CHAPTERXXIII.A FRIEND INDEED!

While the events described in the preceding chapter were taking place in Dieppe, Cora Hartsilver was visiting friends who had a place in Jersey, near Gorey. They were people she had known intimately before her marriage, friends of Sir Stephen Lethbridge whom she had loved so terribly even after her marriage, but she had not seen them since her husband’s death, though several times they had asked her to stay with them.

She was glad to be out of London at last. The place had begun to pall on her soon after the Armistice, also her friend, Yootha Hagerston, seemed gradually to have changed in her manner towards her in a way she could not exactly describe, but which she felt. She did not blame Yootha for this change, though secretly she resented it. She attributed it to her friend’s engagement, and hoped that after her marriage Yootha would become her old self again, for she could not believe that her long affection for her could have cooled.
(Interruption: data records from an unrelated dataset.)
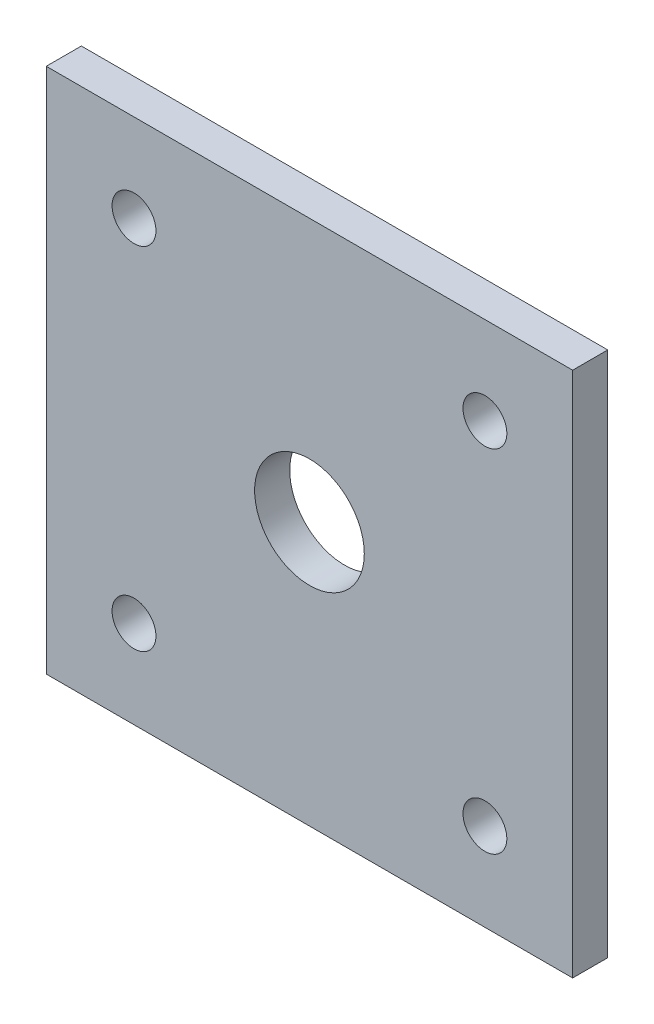
SolidWorks part; units mm, degrees
ref_plane "Front Plane" through (0, 0, 0) normal (0, 0, 1) x (1, 0, 0)
ref_plane "Top Plane" through (0, 0, 0) normal (0, 1, 0) x (1, 0, 0)
ref_plane "Right Plane" through (0, 0, 0) normal (1, 0, 0) x (0, 0, -1)
sketch "Sketch1" plane through (0, 0, 0) normal (0, 0, 1) x (1, 0, 0)
  line L1 (-60, 60) -> (60, 60)
  line L2 (-60, 60) -> (-60, -60)
  line L3 (-60, -60) -> (60, -60)
  line L4 (60, 60) -> (60, -60)
  line L5 (-60, 60) -> (60, -60) construction
  line L6 (-60, -60) -> (60, 60) construction
  point P0 (0, 0)
  dimension "D1" = 120
extrude "Boss-Extrude1" add sketch "Sketch1" along normal blind 8
sketch "Sketch2" plane through (0, 0, 8) normal (0, 0, 1) x (1, 0, 0)
  line L0 (60, 60) -> (-60, 60) construction
  line L1 (-60, 60) -> (-60, -60) construction
  circle A0 centre (-40, 40) radius 5
  dimension "D1" = 10
  dimension "D2" = 20
  dimension "D3" = 20
extrude "Cut-Extrude1" cut sketch "Sketch2" against normal through all
pattern_linear "LPattern1" count 2 spacing 80 along (1, 0, 0) count 2 spacing 80 along (0, -1, 0) of "Cut-Extrude1"
sketch "Sketch3" plane through (0, 0, 8) normal (0, 0, 1) x (1, 0, 0)
  circle A0 centre (0, 0) radius 12.5
  dimension "D1" = 25
extrude "Cut-Extrude2" cut sketch "Sketch3" against normal through all

One morning among her correspondence she found a registered letter which mystified and disconcerted her exceedingly. Unsigned, and with no address, it ran as follows:

“The writer possesses nine letters written by you to the late Sir Stephen Lethbridge, and five written by Sir Stephen to you,after your marriage to the late Henry Hartsilver. The former are dated respectively ——” here followed the dates, also the addresses from which the letters had been written. “The latter are dated ——” and then came another list.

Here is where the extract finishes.